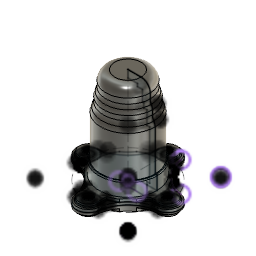
hw3 (Autodesk Fusion 360 design; units mm, degrees)
part number: 2026-08-06-11-14-22-683
Autodesk Fusion 360 part; units mm, degrees
sketch "스케치1" plane through (0, 0, 0) normal (0, 0, 1) x (1, 0, 0)
  circle A0 centre (0, 0) radius 44 construction
  arc A1 (12.8574, 42.0795) -> (-12.8574, 42.0795) centre (0, 44) ccw
  arc A2 (-42.0795, 12.8574) -> (-42.0795, -12.8574) centre (-44, 0) ccw
  arc A3 (-12.8574, -42.0795) -> (12.8574, -42.0795) centre (0, -44) ccw
  arc A4 (42.0795, -12.8574) -> (42.0795, 12.8574) centre (44, 0) ccw
  arc A5 (12.8655, 45.8655) -> (45.8655, 12.8655) centre (51.4618, 51.4618) ccw
  arc A6 (-45.8655, 12.8655) -> (-12.8655, 45.8655) centre (-51.4618, 51.4618) ccw
  arc A7 (-12.8655, -45.8655) -> (-45.8655, -12.8655) centre (-51.4618, -51.4618) ccw
  arc A8 (45.8655, -12.8655) -> (12.8655, -45.8655) centre (51.4618, -51.4618) ccw
  dimension "d1" = 88
  dimension "d2" = 26
  dimension "d3" = 44
  dimension "d5" = 360
  dimension "d20" = 78
  dimension "d22" = 360
  constraint coincident A0.centre origin
  constraint coincident A0 A1.centre
  constraint coincident A0 A1.end
  constraint coincident A0 A1.start
  constraint coincident A0 A2.end
  constraint coincident A0 A2.start
  constraint coincident A0 A3.end
  constraint coincident A0 A3.start
  constraint coincident A0 A4.end
  constraint coincident A0 A4.start
  constraint tangent A1 A5
  constraint tangent A4 A5
  constraint coincident A4 A5.end
  constraint coincident A1 A5.start
  measures "d1" diameter of A0
  measures "d2" diameter of A1
  measures "d3" vertical distance of A0.centre A1.centre
  measures "d20" diameter of A5
extrude "돌출1" add sketch "스케치1" along normal blind 3
ref_plane "작업 평면1" through (0, 0, 3) normal (0, 0, 1) x (1, 0, 0)
sketch "스케치2" plane through (0, 0, 3) normal (0, 0, 1) x (1, 0, 0)
  line L0 (0, 0) -> (0, 44) construction
  circle A0 centre (0, 44) radius 10
  circle A1 centre (0, 44) radius 5
  circle A2 centre (-44, 0) radius 5
  circle A3 centre (-44, 0) radius 10
  circle A4 centre (0, -44) radius 5
  circle A5 centre (0, -44) radius 10
  circle A6 centre (44, 0) radius 5
  circle A7 centre (44, 0) radius 10
  line L1 (10, 44) -> (10, 33.541)
  line L2 (44, 10) -> (33.541, 10)
  line L3 (-44, 10) -> (-33.541, 10)
  line L4 (-10, 44) -> (-10, 33.541)
  line L5 (-10, -44) -> (-10, -33.541)
  line L6 (-44, -10) -> (-33.541, -10)
  line L7 (44, -10) -> (33.541, -10)
  line L8 (10, -44) -> (10, -33.541)
  arc A8 (-13.125, 32.4459) -> (-10, 37.081) centre (-15, 37.081) ccw
  arc A9 (10, 37.081) -> (13.125, 32.4459) centre (15, 37.081) ccw
  arc A10 (32.4459, 13.125) -> (37.081, 10) centre (37.081, 15) ccw
  arc A11 (37.081, -10) -> (32.4459, -13.125) centre (37.081, -15) ccw
  arc A12 (13.125, -32.4459) -> (10, -37.081) centre (15, -37.081) ccw
  arc A13 (-10, -37.081) -> (-13.125, -32.4459) centre (-15, -37.081) ccw
  arc A14 (-37.081, 10) -> (-32.4459, 13.125) centre (-37.081, 15) ccw
  arc A15 (-32.4459, -13.125) -> (-37.081, -10) centre (-37.081, -15) ccw
  line L9 (-37.081, 15) -> (-37.081, -15) construction
  arc A16 (12.8655, 45.8655) -> (45.8655, 12.8655) centre (51.4618, 51.4618) ccw
  arc A17 (19.5652, 29.0208) -> (-19.5652, 29.0208) centre (0, 0) ccw
  arc A18 (-29.0208, 19.5652) -> (-29.0208, -19.5652) centre (0, 0) ccw
  arc A19 (-19.5652, -29.0208) -> (19.5652, -29.0208) centre (0, 0) ccw
  arc A20 (29.0208, -19.5652) -> (29.0208, 19.5652) centre (0, 0) ccw
  arc A21 (-29.0208, 19.5652) -> (-19.5652, 29.0208) centre (-51.4618, 51.4618) ccw
  arc A22 (-19.5652, -29.0208) -> (-29.0208, -19.5652) centre (-51.4618, -51.4618) ccw
  arc A23 (29.0208, -19.5652) -> (19.5652, -29.0208) centre (51.4618, -51.4618) ccw
  arc A24 (19.5652, 29.0208) -> (29.0208, 19.5652) centre (51.4618, 51.4618) ccw
  point P0 (-44, 0)
  point P1 (0, -44)
  point P2 (44, 0)
  point P3 (51.4618, 51.4618)
  point P4 (51.4618, -51.4618)
  dimension "d13" = 44
  dimension "d14" = 20
  dimension "d15" = 10
  dimension "d17" = 360
  dimension "d18" = 10
  dimension "d19" = 70
  dimension "d23" = 10
  dimension "d25" = 360
  dimension "d27" = 78
  dimension "d29" = 360
  constraint coincident L0.start A17.centre
  constraint vertical L0
  constraint coincident L0.end A0.centre
  constraint concentric A0 A1
  constraint vertical L1
  constraint tangent A0 L1
  constraint tangent L1 A9
  constraint tangent A9 A17
  constraint perpendicular L0 L2
  constraint tangent A7 L2
  constraint tangent L2 A10
  constraint tangent A10 A20
  constraint coincident A0 L1.start
  constraint coincident L1.end A17
  constraint coincident L2.end A20
  constraint coincident A7 L2.start
  constraint coincident L4 A8.end
  constraint coincident A8.start A17
  constraint coincident A9.end A17
  constraint coincident L1 A9.start
  constraint coincident L2 A10.end
  constraint coincident A10.start A20
  constraint coincident A11.end A20
  constraint coincident L7 A11.start
  constraint coincident L8 A12.end
  constraint coincident A12.start A19
  constraint coincident A13.end A19
  constraint coincident L5 A13.start
  constraint coincident A14.end A18
  constraint coincident L3 A14.start
  constraint coincident L6 A15.end
  constraint coincident A15.start A18
  constraint coincident A14.centre L9.start
  constraint coincident A15.centre L9.end
  constraint coincident A17.start A16
  constraint coincident A20.end A16
  constraint coincident P4 A23.centre
  constraint concentric A17 A18
  constraint concentric A18 A19
  constraint concentric A19 A20
  measures "d13" distance of L0.start L0.end
  measures "d14" diameter of A0
  measures "d15" diameter of A1
  measures "d18" diameter of A9
  measures "d19" diameter of A17
  measures "d23" diameter of A10
  measures "d27" diameter of A23
extrude "돌출2" add sketch "스케치2" along normal blind 3 contours A0 A17 | A0 L1 A17 | A0 L4 A17 | A0 A3 A5 A7 A16 A17 A18 A19 A20 A21 A22 A23 A24 | A0 A17 | L1 A9 A17 | L4 A8 A17 | L2 A10 A20 | L3 A14 A18 | A7 L2 A20 | A3 L3 A18 | A7 A20 | A7 A20 | A3 A18 | A3 A18 | A7 L7 A20 | A3 L6 A18 | L7 A11 A20 | L6 A15 A18 | L5 A13 A19 | A5 L8 A19 | A5 L5 A19 | A5 A19 | A5 A19
extrude "돌출3" cut sketch "스케치2" against normal blind 6 contours A1 | A2 | A4 | A6
mirror "미러1" about plane through (0, 0, 0) normal (0, 0, 1) of bodies 1 merged
sketch "스케치3" plane through (0, 0, 0) normal (0, 1, 0) x (1, 0, 0)
  line L0 (0, 6) -> (0, -106) construction
  line L1 (-10, 6) -> (10, 6)
  line L2 (0, -106) -> (14.5, -106)
  line L3 (24.5, -96) -> (24.5, -90.1515)
  arc A0 (14.5, -106) -> (24.5, -96) centre (14.5, -96) ccw
  line L4 (24, -9) -> (24, -63)
  line L5 (21, -63) -> (21, -78)
  line L6 (21, -63) -> (24, -63)
  line L7 (17.5, -78) -> (17.5, -83)
  line L8 (17.5, -78) -> (21, -78)
  line L9 (16, -83) -> (16, -95)
  line L10 (16, -83) -> (17.5, -83)
  line L11 (10.5, -95) -> (10.5, -98)
  line L12 (16, -95) -> (10.5, -95)
  line L13 (10.5, -98) -> (0, -98)
  line L14 (32, -6) -> (32, -21)
  line L15 (21, -6) -> (0, -6)
  line L16 (0, -6) -> (0, 6)
  line L17 (0, 6) -> (21, 6)
  line L18 (21, 6) -> (21, -6)
  line L19 (21, -9) -> (21, 6)
  line L20 (21, -9) -> (24, -9)
  line L21 (30, -21) -> (30, -66)
  line L22 (30, -21) -> (32, -21)
  line L23 (27, -81) -> (27, -75.9499)
  arc A1 (25.75, -85.5758) -> (24.5, -90.1515) centre (33.5, -90.1515) ccw
  arc A2 (28.5, -70.9749) -> (27, -75.9499) centre (36, -75.9499) ccw
  arc A3 (25.75, -85.5758) -> (27, -81) centre (18, -81) ccw
  arc A4 (28.5, -70.9749) -> (30, -66) centre (21, -66) ccw
  line L24 (32, -6) -> (21, -6)
  line L25 (0, -98) -> (0, -106)
  dimension "d38" = 112
  dimension "d40" = 24.5
  dimension "d41" = 20
  dimension "d45" = 24
  dimension "d46" = 15
  dimension "d47" = 21
  dimension "d48" = 5
  dimension "d49" = 17.5
  dimension "d50" = 12
  dimension "d51" = 16
  dimension "d52" = 3
  dimension "d53" = 10.5
  dimension "d54" = 32
  dimension "d56" = 12
  dimension "d58" = 21
  dimension "d59" = 15
  dimension "d60" = 54
  dimension "d61" = 6
  dimension "d62" = 27
  dimension "d63" = 30
  dimension "d65" = 40
  dimension "d67" = 25
  dimension "d70" = 27
  dimension "d71" = 9
  dimension "d72" = 9
  dimension "d73" = 9
  dimension "d74" = 9
  constraint vertical L0
  constraint coincident L0.start L1
  constraint coincident L0 origin
  constraint perpendicular L0 L2
  constraint vertical L3
  constraint tangent L2 A0
  constraint tangent L3 A0
  constraint parallel L4 L5
  constraint perpendicular L4 L6
  constraint parallel L5 L7
  constraint perpendicular L5 L8
  constraint parallel L7 L9
  constraint perpendicular L7 L10
  constraint parallel L9 L11
  constraint perpendicular L11 L12
  constraint coincident L0 L13.end
  constraint perpendicular L0 L13
  constraint vertical L14
  constraint horizontal L15
  constraint vertical L16
  constraint horizontal L17
  constraint vertical L18
  constraint perpendicular L17 L19
  constraint perpendicular L19 L20
  constraint parallel L14 L21
  constraint tangent L21 A4
  constraint perpendicular L14 L22
  constraint tangent L3 A1
  constraint tangent A1 A3
  constraint vertical L23
  constraint tangent A2 A4
  constraint tangent L23 A2
  constraint tangent L23 A3
  measures "d38" distance of L0.start L0.end
  measures "d40" distance of L0 L3
  measures "d41" diameter of A0
  measures "d45" distance of L0 L4
  measures "d46" distance of L5.start L5.end
  measures "d47" distance of L0 L5
  measures "d48" distance of L7.start L7.end
  measures "d49" distance of L0 L7
  measures "d50" distance of L9.start L9.end
  measures "d51" distance of L0 L9
  measures "d52" distance of L11.start L11.end
  measures "d53" distance of L0 L11
  measures "d54" distance of L0 L14.start
  measures "d56" distance of L15.start L17.end
  measures "d58" distance of L0 L19
  measures "d59" distance of L19.start L17.end
  measures "d60" distance of L6 L20
  measures "d61" vertical distance of origin L14.start
  measures "d62" vertical distance of L0.start L14.end
  measures "d63" distance of L0 L21
  measures "d65" distance of L2 A4.centre
  measures "d67" distance of L2 A3.centre
  measures "d70" distance of L0 L23
  measures "d71" radius of A4
  measures "d72" radius of A2
  measures "d73" radius of A3
  measures "d74" radius of A1
revolve "회전1" cut sketch "스케치3" angle 360 about axis through (0, 0, -6) along (0, 0, 1) contours L1 L15 L16 L17 L18 L19
revolve "회전2" add sketch "스케치3" angle 360 about axis through (0, 0, -6) along (0, 0, 1) contours L2 L3 A0 L4 L5 L6 L7 L8 L9 L10 L11 L12 L13 L14 L19 L20 L21 L22 L23 A1 A2 A3 A4 L24 L25
fillet "필렛1" radius 1 5 edges at (10, -38.7705, 3) (0, -54, 3) (-10, -40.5405, 3) (-10.8542, -34.2859, 3) (-16.4346, -30.9015, 3)
fillet "필렛2" radius 1 7 edges at (-30.9015, -16.4346, 3) (-34.2859, -10.8542, 3) (-40.5405, -10, 3) (-54, 0, 3) (-40.5405, 10, 3) (-34.2859, 10.8542, 3) (-30.9015, 16.4346, 3)
fillet "필렛3" radius 1 7 edges at (-16.4346, 30.9015, 3) (-10.8542, 34.2859, 3) (-10, 40.5405, 3) (0, 54, 3) (10, 40.5405, 3) (10.8542, 34.2859, 3) (16.4346, 30.9015, 3)
fillet "필렛4" radius 1 7 edges at (30.9015, 16.4346, 3) (34.2859, 10.8542, 3) (40.5405, 10, 3) (54, 0, 3) (40.5405, -10, 3) (34.2859, -10.8542, 3) (30.9015, -16.4346, 3)
fillet "필렛5" radius 1 22 edges at (-30.9015, -16.4346, -3) (-34.2859, -10.8542, -3) (-40.5405, -10, -3) (-54, 0, -3) (-40.5405, 10, -3) (-34.2859, 10.8542, -3) (-30.9015, 16.4346, -3) (-16.4346, 30.9015, -3) (-10.8542, 34.2859, -3) (-10, 40.5405, -3) (0, 54, -3) (10, 40.5405, -3) (10.8542, 34.2859, -3) (16.4346, 30.9015, -3) (10, -38.7705, -3) (0, -54, -3) (-10, -40.5405, -3) (-10.8542, -34.2859, -3) (-16.4346, -30.9015, -3) (37.0484, -15.223, -3) (57, 0, -3) (37.0484, 15.223, -3)
fillet "필렛6" radius 0.5 1 edges at (-9.7894, -3.797, 95)
fillet "필렛7" radius 0.5 3 edges at (-14.9172, -5.7858, 83) (-16.3157, -6.3283, 78) (-19.5789, -7.5939, -6)
fillet "필렛8" radius 1 1 edges at (-29.8345, -11.5717, 21)
§
:: Exercise instructions ::
From the entries, work out how many lines include the word "point", answering with the number only.

:: Result below ::
5